Approach: This can be solved with the following idea:
To solve the problem, we can traverse the linked list and maintain a variable to store the maximum sum of the sublist with composite number nodes found so far. We can also maintain another variable to store the sum of the current sublist. We can use a helper function to check whether a given number is composite or not. To check whether a number is composite, we can iterate from 2 to the square root of the number and check if any of the numbers divide the given number evenly.

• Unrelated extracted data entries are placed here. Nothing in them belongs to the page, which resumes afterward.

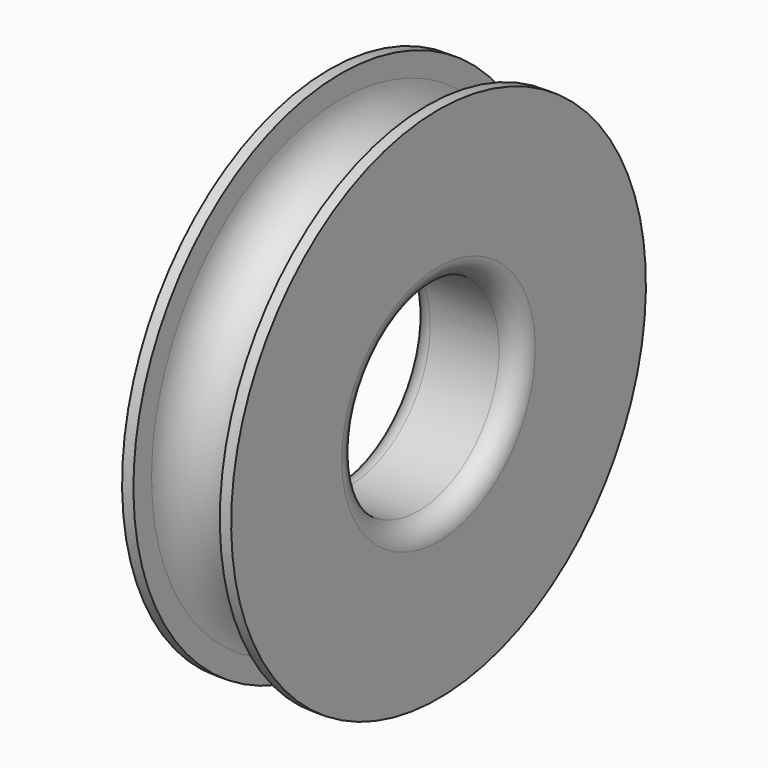
from build123d import *

# Parameters (mm, degrees)
F3_R     = 8.89
F4_DEPTH = 25.4
F5_R     = 1.778


with BuildPart() as f2:
    # F0 (on Front) → F2 (revolve)
    with BuildSketch(Plane.XZ):
        with BuildLine():
            Line((-3.81, 0), (0, 0))
            Line((0, 0), (3.81, 0))
            Line((3.81, 0), (3.81, 20.86))
            ThreePointArc((3.81, 20.86), (0, 17.05), (-3.81, 20.86))
            Line((-3.81, 20.86), (-3.81, 0))
        make_face()
        Polygon((-4.81, 0), (-3.81, 0), (-3.81, 20.86), (-3.81, 22.86), (-4.81, 22.86), align=None)
        Polygon((3.81, 20.86), (3.81, 0), (4.81, 0), (4.81, 22.86), (3.81, 22.86), align=None)
    revolve(axis=Axis((-0.3435998224, 0, 0), (1, 0, 0)))

    # F3 (on face) → F4 (cut)
    with BuildSketch(Plane(origin=(-4.81, 0, 0), x_dir=(0, -1, 0), z_dir=(-1, 0, 0))):
        Circle(F3_R)
    extrude(amount=-F4_DEPTH, mode=Mode.SUBTRACT)

    # F5
    f5_edges = [f2.edges().sort_by_distance(p)[0] for p in [
        (4.81, 8.89, 0),
        (-4.81, 8.89, 0),
    ]]
    fillet(f5_edges, radius=F5_R)


solid = f2.part
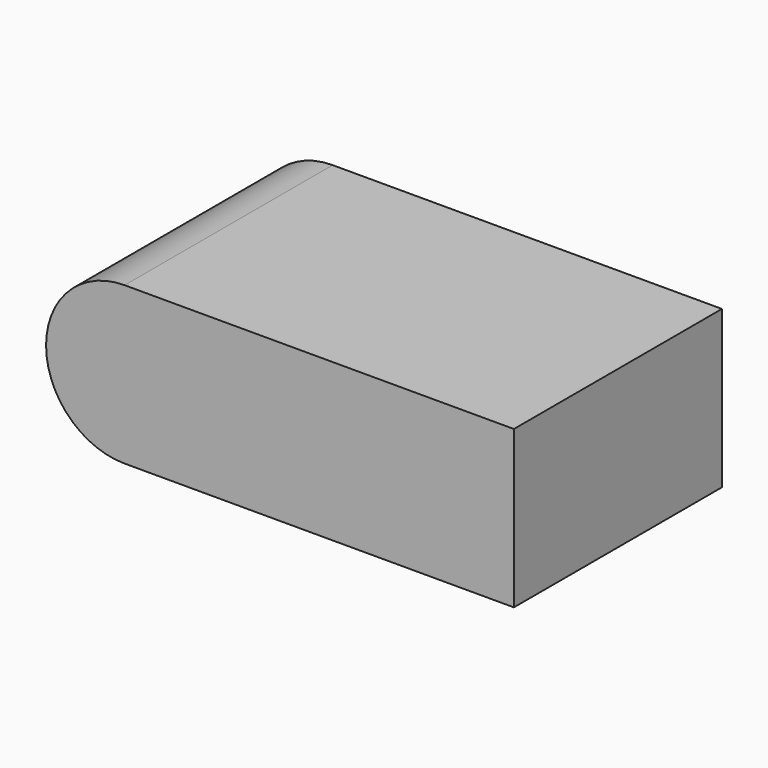
from build123d import *

# Parameters (mm, degrees)
F0_W     = 54.69
F0_H     = 18.36
F1_DEPTH = 30.4
F2_R     = 9.17999


# Not quite as in the source:
# - a fillet or chamfer is up to 0.001 mm smaller than in the source, because OpenCascade refuses the exact size


with BuildPart() as f1:
    # F0 (on Front) → F1 (new body)
    with BuildSketch(Plane.XZ):
        Rectangle(F0_W, F0_H)
    extrude(amount=F1_DEPTH)

    # F2 (radius 9.18 in the source; OpenCascade refuses exactly that, so slightly less here)
    f2_edges = [f1.edges().sort_by_distance(p)[0] for p in [
        (-27.345, -15.2, 9.18),
        (-27.345, -15.2, -9.18),
    ]]
    fillet(f2_edges, radius=F2_R)


solid = f1.part
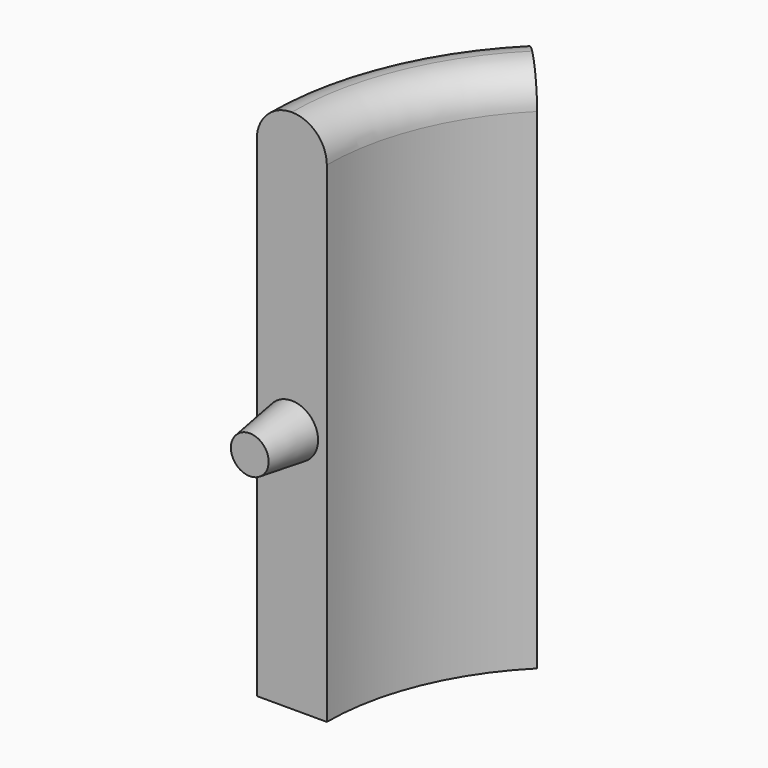
from build123d import *

# Parameters (mm, degrees)
F0_W     = 89.9249566834
F0_H     = 150
F1_ANGLE = 45
F2_T     = -20
F3_R     = 7.5
F4_DEPTH = 15
F4_TAPER = 8
F5_R     = 7.5
F6_DEPTH = 15
F6_TAPER = 8
F7_R     = 9.99999


# Not quite as in the source:
# - a fillet or chamfer is up to 0.001 mm smaller than in the source, because OpenCascade refuses the exact size
# - a feature names something its author has since deleted; it is built from what else it names


with BuildPart() as f1:
    # F0 (on Front) → F1 (revolve)
    with BuildSketch(Plane.XZ):
        with Locations((82.3541893682, 224.1176688539)):
            Rectangle(F0_W, F0_H)
    revolve(axis=Axis((127.3166677099, 0, 224.1176688539), (0, 0, -1)), revolution_arc=F1_ANGLE)

    # F2
    f2_openings = [f1.faces().sort_by_distance(p)[0] for p in [
        (82.354189, 0, 224.117669),
        (95.523394, 31.793273, 224.117669),
        (73.342731, 22.356737, 149.117669),
        (73.342731, 22.356737, 299.117669),
    ]]
    offset(amount=F2_T, openings=f2_openings)

    # F3 (on face) → F4 (join)
    with BuildSketch(Plane.XZ):
        with Locations((47.3917110264, 219.1176688539)):
            Circle(F3_R)
    extrude(amount=F4_DEPTH, taper=F4_TAPER)

    # F5 (on face) → F6 (cut)
    with BuildSketch(Plane(origin=(63.6583338549, 63.6583338549, 0), x_dir=(-0.7071067812, 0.7071067812, 0), z_dir=(0.7071067812, 0.7071067812, 0))):
        with Locations((-9.8187575006, 219.1176688539)):
            Circle(F5_R)
    extrude(amount=-F6_DEPTH, taper=F6_TAPER, mode=Mode.SUBTRACT)

    # F7 (radius 10 in the source; OpenCascade refuses exactly that, so slightly less here)
    f7_edges = [f1.edges().sort_by_distance(p)[0] for p in [
        (44.236841, 34.412791, 299.117669),
        (62.714431, 26.759122, 299.117669),
    ]]
    fillet(f7_edges, radius=F7_R)


solid = f1.part

Below is the step-by-step approach:
- Initialize a variable max_sum to zero to store the maximum sum of the sublist with composite number nodes found so far.
- Initialize a variable current_sum to zero to store the sum of the current sublist.
- Traverse the linked list.
- If the current node’s value is composite, add it to the current_sum variable.
- If the current node’s value is not composite or if it is the last node in the linked list, check if the current_sum variable is greater than max_sum. If it is, update the max_sum variable.
- If the current node’s value is not composite, reset the current_sum variable to zero.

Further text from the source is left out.